In order to create a well-structured basis to generate technological innovations that both take advantage of the common properties of advanced fuels and at the same time address the specificities that exist, FREDMANS adopts a structure for the scientific work packages as follows:
- Manufacturing Methods (WP1)
- Recyclability (WP2)
- Waste Management Methods (WP3)
- Industrial Applications (WP4)
The scientific work in FREDMANS is completed by WP5 Education and Training, which works in close collaboration with other training programmes (e.g. those run by ENEN and IAEA). Nuclear energy needs excellent scientists able to shape the future changes required for a net zero emission energy system, innovative engineers able to design new concepts of nuclear reactors and fuel cycles, and technicians able to build the infrastructure for a sustainable economy. Excellence in science is closely linked to excellence in education, and this is why an ambitious and coherent education and training programme is proposed to be implemented under FREDMANS.
Finally, to reach the excellence in the described WPs, the dedicated WP6 Project Management is in place to ensure effective management and administrative support to all project activities.

The FREDMANS project aims at developing a circular performance of advanced nuclear fuel exemplified by nitrides. The range of work starts at the very basic understanding of the principles behind e.g. 3D printing of nuclear fuel all the way to actual cost estimates for implementation of industrial scale processes based on the results achieved in the more fundamental work packages. In the first period of the work some decisions about technical issues have been taken such as the selection of industrial production via the fluoride route and the recovery of the N-15 released during the recycling of the used fuel. The actual separation of the elements from the used fuel is not a part of the FRDMANS project which means that issues with those processes are not handled. Otherwise, a special emphasis has been put into identifying secondary waste streams originating from the fuel fabrication as well as the behaviour of the ultimate nuclear waste during both interim and final storage. Due to the early stage of the project not so many final technical results have been made but all project organization ranging from websites, project handbook etc. has been created. The project has also been presented in several events highlighting the possibility for cooperation with other relevant initiatives such as the new large scale gen IV project launched in Sweden, MÅSTE.

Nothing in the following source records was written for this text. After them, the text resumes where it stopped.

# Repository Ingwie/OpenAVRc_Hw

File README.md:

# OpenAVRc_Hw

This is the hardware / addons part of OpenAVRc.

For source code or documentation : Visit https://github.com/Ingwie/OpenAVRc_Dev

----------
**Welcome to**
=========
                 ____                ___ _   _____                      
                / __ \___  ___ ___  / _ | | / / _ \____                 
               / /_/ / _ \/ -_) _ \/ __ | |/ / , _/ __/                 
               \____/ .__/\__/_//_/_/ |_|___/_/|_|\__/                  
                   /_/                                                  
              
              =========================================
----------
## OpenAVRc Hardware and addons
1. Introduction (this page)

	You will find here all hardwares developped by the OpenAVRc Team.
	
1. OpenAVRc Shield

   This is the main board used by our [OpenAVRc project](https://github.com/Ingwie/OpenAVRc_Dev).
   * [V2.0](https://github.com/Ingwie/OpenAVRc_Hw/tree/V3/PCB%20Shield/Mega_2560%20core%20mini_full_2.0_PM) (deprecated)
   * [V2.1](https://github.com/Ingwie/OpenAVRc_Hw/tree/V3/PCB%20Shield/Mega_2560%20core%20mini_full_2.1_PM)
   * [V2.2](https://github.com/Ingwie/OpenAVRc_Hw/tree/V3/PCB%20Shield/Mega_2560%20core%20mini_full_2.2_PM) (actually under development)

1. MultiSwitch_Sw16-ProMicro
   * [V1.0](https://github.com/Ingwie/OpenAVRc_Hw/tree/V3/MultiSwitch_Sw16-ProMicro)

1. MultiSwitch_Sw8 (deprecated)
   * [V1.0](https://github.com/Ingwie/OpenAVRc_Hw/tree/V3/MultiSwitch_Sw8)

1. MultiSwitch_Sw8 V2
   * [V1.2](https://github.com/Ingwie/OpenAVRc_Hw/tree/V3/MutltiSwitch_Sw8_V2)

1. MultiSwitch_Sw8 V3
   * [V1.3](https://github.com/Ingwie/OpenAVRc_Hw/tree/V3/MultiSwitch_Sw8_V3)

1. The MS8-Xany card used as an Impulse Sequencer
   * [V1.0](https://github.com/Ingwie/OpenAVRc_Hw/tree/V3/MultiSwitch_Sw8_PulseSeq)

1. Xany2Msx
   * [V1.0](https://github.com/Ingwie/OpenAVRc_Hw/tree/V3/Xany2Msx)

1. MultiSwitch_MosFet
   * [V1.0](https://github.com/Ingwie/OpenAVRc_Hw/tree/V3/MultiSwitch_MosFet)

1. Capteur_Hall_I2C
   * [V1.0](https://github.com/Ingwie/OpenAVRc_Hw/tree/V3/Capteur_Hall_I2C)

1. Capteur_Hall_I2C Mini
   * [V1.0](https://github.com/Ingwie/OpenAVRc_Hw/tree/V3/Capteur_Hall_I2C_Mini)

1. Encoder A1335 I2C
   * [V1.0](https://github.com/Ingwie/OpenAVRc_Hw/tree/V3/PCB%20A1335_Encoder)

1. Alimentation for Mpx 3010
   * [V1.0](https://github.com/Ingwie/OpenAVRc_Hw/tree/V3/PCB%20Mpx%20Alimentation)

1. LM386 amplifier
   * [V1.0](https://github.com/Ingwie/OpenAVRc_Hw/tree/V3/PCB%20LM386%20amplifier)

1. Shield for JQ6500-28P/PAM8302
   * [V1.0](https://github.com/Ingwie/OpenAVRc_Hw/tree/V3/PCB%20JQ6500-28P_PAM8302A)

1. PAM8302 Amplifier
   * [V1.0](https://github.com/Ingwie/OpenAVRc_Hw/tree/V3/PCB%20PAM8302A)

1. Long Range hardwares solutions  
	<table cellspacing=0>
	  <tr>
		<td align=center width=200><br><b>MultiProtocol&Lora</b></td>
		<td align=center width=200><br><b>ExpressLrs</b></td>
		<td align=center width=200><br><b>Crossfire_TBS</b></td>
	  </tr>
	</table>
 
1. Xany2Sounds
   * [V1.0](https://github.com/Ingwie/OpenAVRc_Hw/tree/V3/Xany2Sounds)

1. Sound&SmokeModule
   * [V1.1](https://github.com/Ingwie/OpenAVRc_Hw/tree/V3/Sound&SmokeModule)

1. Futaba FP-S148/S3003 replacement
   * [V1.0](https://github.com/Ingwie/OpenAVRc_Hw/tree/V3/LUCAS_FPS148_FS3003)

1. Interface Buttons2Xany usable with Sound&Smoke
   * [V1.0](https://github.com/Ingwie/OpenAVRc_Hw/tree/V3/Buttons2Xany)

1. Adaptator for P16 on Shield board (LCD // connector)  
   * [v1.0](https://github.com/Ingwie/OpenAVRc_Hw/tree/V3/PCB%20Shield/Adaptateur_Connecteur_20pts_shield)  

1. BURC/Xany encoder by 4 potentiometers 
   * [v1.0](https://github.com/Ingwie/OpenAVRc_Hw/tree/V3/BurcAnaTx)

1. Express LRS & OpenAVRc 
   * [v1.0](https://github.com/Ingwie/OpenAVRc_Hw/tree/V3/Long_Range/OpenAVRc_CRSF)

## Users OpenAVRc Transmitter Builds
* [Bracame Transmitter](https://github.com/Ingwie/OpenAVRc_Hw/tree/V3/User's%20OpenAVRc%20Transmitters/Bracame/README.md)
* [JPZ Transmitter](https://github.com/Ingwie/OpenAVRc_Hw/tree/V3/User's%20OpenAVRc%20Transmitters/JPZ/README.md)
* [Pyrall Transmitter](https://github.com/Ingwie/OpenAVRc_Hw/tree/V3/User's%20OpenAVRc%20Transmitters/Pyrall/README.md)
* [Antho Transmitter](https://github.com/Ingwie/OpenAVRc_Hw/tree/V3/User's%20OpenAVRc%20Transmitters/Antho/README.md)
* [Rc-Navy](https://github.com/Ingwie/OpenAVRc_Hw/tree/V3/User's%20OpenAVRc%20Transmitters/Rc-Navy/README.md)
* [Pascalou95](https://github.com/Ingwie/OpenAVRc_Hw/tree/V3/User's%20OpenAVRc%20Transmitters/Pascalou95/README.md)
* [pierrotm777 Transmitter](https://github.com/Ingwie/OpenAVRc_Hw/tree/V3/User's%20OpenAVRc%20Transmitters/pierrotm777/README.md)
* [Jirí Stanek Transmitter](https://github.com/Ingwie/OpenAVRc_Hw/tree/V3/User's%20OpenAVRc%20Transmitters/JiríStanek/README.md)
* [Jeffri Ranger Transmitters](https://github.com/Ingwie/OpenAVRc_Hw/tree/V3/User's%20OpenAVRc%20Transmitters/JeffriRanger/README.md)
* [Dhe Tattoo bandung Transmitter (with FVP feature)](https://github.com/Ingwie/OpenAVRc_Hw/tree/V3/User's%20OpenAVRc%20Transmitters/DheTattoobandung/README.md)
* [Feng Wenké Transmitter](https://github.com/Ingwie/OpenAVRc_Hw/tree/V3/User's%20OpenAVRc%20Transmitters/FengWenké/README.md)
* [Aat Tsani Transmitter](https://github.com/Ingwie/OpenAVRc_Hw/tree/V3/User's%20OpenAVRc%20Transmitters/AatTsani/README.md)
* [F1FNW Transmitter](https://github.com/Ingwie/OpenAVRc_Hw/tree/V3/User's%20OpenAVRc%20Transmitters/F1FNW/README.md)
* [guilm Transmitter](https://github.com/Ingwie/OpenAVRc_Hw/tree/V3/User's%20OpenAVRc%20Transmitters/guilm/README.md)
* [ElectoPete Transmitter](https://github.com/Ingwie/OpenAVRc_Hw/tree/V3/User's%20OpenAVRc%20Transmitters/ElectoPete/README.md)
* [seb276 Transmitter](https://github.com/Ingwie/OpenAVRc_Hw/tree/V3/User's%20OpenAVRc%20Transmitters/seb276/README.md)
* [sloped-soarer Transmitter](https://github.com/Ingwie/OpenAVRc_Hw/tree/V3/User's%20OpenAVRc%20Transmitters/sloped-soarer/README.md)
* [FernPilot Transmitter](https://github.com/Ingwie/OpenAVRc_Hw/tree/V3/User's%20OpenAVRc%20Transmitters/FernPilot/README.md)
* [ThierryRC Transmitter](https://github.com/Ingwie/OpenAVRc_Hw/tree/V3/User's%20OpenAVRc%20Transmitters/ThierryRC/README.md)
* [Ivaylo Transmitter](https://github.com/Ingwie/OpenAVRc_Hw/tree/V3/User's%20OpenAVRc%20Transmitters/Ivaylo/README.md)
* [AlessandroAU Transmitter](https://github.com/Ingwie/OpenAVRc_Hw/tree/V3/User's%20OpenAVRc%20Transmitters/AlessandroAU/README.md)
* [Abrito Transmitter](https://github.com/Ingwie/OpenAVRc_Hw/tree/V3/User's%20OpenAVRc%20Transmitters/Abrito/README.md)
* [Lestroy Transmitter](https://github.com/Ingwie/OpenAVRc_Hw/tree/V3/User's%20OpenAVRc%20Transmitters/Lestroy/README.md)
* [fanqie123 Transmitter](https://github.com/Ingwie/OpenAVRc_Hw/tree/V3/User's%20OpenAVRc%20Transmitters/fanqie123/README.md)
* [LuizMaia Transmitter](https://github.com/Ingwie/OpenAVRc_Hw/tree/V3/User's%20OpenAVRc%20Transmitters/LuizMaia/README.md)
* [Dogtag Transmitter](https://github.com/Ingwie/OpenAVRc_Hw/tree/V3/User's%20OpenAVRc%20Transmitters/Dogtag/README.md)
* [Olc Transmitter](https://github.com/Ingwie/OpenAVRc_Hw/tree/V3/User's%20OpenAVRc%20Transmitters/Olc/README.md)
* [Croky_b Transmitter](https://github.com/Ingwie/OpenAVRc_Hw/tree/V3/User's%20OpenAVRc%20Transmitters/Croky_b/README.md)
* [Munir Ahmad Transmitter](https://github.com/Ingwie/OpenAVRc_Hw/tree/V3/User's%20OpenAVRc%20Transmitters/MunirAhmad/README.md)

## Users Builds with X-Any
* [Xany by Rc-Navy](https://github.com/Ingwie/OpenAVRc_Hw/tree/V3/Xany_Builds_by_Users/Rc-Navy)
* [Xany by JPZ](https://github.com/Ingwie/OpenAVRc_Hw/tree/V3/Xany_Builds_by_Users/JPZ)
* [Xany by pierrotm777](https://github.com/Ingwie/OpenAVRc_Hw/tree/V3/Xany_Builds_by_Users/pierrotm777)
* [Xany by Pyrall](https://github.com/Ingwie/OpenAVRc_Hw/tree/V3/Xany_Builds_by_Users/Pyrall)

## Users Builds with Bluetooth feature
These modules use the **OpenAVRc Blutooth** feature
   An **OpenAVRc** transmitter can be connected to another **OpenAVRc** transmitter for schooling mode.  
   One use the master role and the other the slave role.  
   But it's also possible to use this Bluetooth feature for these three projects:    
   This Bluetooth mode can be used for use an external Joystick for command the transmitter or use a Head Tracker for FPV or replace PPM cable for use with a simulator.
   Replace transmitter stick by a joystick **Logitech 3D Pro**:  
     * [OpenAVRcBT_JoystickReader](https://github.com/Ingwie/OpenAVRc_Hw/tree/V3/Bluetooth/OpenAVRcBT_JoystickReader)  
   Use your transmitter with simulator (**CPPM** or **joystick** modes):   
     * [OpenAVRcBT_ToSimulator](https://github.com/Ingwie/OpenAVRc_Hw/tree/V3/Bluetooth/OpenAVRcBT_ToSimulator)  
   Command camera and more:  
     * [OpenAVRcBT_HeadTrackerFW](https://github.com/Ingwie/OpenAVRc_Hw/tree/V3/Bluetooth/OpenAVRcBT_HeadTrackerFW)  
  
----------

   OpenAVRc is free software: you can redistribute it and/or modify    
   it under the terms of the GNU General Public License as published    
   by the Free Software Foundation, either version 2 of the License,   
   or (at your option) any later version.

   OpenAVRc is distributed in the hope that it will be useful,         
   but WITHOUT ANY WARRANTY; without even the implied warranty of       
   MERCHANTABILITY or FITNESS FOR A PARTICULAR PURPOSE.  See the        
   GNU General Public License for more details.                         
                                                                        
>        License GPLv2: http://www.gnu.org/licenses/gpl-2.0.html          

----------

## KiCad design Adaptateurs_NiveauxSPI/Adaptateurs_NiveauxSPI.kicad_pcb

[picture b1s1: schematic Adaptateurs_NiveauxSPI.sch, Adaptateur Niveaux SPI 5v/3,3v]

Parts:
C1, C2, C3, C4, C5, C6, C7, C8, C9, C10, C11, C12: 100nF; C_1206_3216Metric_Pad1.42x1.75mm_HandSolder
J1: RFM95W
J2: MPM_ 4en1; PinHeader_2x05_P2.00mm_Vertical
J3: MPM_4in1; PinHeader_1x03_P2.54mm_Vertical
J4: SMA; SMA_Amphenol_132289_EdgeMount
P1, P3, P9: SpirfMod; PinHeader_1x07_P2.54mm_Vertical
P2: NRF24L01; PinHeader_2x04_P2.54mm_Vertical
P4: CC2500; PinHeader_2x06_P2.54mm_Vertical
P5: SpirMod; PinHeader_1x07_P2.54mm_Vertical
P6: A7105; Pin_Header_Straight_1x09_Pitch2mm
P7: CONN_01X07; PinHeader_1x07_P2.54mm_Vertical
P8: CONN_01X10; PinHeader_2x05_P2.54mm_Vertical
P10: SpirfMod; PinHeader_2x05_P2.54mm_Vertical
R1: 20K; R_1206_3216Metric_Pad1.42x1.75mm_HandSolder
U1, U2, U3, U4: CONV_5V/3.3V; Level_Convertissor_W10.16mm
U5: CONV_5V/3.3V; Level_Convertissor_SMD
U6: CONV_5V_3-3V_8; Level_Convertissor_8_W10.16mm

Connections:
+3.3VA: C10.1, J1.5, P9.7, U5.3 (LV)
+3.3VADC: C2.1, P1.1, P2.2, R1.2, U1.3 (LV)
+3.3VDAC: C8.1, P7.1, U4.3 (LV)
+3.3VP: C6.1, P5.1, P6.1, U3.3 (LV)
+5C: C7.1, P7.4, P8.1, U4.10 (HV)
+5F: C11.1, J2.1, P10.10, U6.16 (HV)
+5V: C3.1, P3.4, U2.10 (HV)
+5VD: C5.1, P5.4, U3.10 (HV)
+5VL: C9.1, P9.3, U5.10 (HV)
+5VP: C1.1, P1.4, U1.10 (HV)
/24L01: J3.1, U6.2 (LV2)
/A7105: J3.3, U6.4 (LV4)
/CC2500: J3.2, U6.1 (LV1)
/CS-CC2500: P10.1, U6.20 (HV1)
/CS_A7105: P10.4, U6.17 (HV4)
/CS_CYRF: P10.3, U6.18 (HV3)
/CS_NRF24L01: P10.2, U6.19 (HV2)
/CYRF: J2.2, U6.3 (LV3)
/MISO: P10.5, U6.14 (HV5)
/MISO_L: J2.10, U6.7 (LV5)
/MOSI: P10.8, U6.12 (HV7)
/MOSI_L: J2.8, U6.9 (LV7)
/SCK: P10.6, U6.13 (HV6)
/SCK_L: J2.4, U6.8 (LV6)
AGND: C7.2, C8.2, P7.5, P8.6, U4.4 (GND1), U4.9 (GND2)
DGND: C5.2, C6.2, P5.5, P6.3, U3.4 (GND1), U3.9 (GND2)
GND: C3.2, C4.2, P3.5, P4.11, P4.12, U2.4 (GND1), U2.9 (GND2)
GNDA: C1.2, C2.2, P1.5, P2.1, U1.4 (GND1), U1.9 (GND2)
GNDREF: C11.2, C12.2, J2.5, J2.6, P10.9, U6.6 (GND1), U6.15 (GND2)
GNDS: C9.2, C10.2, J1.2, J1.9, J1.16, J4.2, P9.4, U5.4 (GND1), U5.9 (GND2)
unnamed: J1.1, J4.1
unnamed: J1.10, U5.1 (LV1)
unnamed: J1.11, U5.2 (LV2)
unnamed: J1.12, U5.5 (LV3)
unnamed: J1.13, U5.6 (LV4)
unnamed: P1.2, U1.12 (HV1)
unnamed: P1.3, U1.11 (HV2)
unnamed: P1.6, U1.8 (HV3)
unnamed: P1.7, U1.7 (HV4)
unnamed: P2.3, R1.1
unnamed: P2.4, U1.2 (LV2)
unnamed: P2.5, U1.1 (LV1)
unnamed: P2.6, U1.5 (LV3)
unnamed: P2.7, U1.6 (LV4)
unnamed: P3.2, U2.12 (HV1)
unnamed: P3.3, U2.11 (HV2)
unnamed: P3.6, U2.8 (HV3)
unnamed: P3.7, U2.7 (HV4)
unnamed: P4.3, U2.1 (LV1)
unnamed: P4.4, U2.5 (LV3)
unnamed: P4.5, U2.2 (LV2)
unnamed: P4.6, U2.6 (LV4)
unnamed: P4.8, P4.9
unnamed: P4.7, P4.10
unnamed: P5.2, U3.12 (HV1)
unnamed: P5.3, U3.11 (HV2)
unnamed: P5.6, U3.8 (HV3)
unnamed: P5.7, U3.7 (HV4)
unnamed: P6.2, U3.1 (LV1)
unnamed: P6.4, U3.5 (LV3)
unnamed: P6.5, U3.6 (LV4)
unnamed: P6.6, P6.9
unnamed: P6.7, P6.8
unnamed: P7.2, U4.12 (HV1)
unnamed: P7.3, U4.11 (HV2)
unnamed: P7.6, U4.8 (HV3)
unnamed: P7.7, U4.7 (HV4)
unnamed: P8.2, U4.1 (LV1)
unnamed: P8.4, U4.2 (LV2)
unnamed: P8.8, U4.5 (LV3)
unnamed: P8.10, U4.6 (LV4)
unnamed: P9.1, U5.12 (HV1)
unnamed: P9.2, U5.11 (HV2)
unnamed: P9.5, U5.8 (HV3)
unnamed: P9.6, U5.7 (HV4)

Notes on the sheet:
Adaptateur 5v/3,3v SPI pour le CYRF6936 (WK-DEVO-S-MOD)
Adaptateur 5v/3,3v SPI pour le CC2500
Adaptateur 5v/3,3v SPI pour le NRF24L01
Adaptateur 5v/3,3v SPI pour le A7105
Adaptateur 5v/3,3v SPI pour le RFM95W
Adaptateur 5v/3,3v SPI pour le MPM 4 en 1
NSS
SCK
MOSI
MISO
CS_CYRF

The project is still in an early phase why most of the technical work is in a scoping stadium. However, there are some specific highlights to mention in the different workpackages. In the case of fuel manufacturing experiments with electrojetting technique on internal gelation-based systems showed the production of microspheres ranging from a few µm to about 1000 µm in size. It was also discovered that uranium mononitride can be created continuously from uranium tetrafluoride and uranium hexafluoride in small quantities, though increasing batch size leads to decreased yield. 3D printing of ceramics using the LPBF (Laser Powder Bed Fusion)/SLM (Selective Laser Melting) method was explored successfully. Some steps have been taken towards the final industrialization were a comprehensive understanding of the legal and regulatory requirements for establishing a facility was needed. This pre-study has now been concluded, providing clarity on legal requirements and confirming the feasibility of siting such a facility at Studsvik in Sweden, with minor adjustments to permits required for pilot-scale operations. It was also proved that the ammonolysis of fluorides is a suitable, scalable manufacturing method for UN.